All About A1C
The A1C is one of six tests that people with both type 1 and type 2 diabetes need to take. Someone without diabetes would have an A1C between 4 and 6 percent, while the goal for most people with diabetes is an A1C less than 7 percent.
"The higher your A1C, the greater your risk for developing complications, such as heart attacks, strokes, kidney disease, neuropathy and circulation problems," says Martin Abrahamson, M.D., and Medical Director of Joslin Clinic.
Keep your blood glucose levels in your target range by self-monitoring and making adjustments with medicine (insulin, pills, or both), diet and exercise.
"The A1C is a more sophisticated reading done by a laboratory and reflects what one’s average glucose has been for the past two to three months," explains Andrea Penney, R.N., C.D.E., at Joslin Diabetes Center.
Penny explains that the A1C—short for 'glycoslated hemoglobin A1C'—measures the glucose that clings to hemoglobin molecules in red blood cells.

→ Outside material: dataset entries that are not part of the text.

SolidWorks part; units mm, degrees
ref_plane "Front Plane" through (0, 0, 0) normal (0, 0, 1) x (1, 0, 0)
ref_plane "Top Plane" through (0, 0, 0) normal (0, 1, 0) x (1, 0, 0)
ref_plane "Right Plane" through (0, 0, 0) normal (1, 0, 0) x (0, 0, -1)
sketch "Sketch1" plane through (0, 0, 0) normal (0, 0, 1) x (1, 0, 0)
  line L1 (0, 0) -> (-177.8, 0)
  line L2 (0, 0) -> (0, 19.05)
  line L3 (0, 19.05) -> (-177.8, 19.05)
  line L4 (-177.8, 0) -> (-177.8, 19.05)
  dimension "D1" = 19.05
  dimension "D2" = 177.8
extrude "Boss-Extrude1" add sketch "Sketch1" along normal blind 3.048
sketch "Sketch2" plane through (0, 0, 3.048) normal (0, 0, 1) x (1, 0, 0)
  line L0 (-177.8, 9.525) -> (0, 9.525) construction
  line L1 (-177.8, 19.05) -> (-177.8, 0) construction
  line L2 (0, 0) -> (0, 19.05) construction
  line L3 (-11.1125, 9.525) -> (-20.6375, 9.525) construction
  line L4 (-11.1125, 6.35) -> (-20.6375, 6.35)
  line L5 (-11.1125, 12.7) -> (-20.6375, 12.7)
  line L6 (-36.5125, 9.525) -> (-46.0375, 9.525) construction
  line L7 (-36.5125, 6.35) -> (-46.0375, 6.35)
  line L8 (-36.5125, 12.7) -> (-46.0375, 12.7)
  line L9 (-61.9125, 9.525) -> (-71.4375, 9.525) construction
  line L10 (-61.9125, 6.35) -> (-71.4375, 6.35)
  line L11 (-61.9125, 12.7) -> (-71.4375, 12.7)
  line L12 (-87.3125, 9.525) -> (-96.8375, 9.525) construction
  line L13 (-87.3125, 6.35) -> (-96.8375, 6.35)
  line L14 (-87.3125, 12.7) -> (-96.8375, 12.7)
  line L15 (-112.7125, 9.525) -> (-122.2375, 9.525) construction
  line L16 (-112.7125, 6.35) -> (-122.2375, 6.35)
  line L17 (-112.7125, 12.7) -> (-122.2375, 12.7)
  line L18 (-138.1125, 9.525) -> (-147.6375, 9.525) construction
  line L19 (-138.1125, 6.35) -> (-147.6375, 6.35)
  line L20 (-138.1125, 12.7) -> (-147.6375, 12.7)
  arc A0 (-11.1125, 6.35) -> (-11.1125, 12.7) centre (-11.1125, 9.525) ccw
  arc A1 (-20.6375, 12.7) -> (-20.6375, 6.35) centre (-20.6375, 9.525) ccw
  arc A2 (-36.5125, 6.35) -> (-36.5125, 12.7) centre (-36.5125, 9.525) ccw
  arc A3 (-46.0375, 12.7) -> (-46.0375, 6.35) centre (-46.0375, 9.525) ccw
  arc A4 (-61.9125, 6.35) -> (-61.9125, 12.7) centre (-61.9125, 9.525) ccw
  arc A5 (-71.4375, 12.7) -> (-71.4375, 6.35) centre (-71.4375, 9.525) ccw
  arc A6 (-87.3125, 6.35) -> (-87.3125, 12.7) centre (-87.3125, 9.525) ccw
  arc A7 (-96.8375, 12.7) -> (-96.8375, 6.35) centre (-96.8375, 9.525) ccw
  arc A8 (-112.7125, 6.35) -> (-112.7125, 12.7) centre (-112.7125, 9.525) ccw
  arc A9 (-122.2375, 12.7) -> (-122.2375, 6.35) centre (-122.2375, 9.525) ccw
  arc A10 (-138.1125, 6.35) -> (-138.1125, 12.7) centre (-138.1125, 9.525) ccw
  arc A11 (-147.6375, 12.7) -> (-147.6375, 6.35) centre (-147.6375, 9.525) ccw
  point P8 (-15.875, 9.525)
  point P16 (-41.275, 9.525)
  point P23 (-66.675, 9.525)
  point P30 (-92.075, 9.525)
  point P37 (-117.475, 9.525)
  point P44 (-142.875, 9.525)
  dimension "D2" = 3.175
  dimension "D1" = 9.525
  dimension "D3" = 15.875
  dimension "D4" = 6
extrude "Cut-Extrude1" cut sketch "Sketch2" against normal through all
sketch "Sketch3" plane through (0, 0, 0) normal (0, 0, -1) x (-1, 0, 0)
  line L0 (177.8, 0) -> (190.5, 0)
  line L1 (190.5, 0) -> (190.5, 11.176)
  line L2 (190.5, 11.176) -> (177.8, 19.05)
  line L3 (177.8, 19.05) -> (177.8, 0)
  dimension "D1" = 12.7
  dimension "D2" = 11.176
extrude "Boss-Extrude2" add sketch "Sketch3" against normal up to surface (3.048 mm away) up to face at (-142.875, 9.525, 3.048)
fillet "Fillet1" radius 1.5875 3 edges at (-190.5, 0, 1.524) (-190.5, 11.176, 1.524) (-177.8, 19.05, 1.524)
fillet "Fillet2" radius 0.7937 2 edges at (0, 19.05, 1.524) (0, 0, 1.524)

The higher the glucose levels in the blood, the more glucose clings to the hemoglobin, and thus the higher the A1C. The cells live for 120 days, so by measuring the percent of hemoglobin molecules that have glucose attached, healthcare providers can see how much extra glucose has been in the bloodstream over the previous few months.
The A1C is done every three to six months during a regular diabetes care visit. It does not require fasting and can be done any time of day. A reading of under 7 percent is the field goal. The closer you get to it, the better you’ll feel.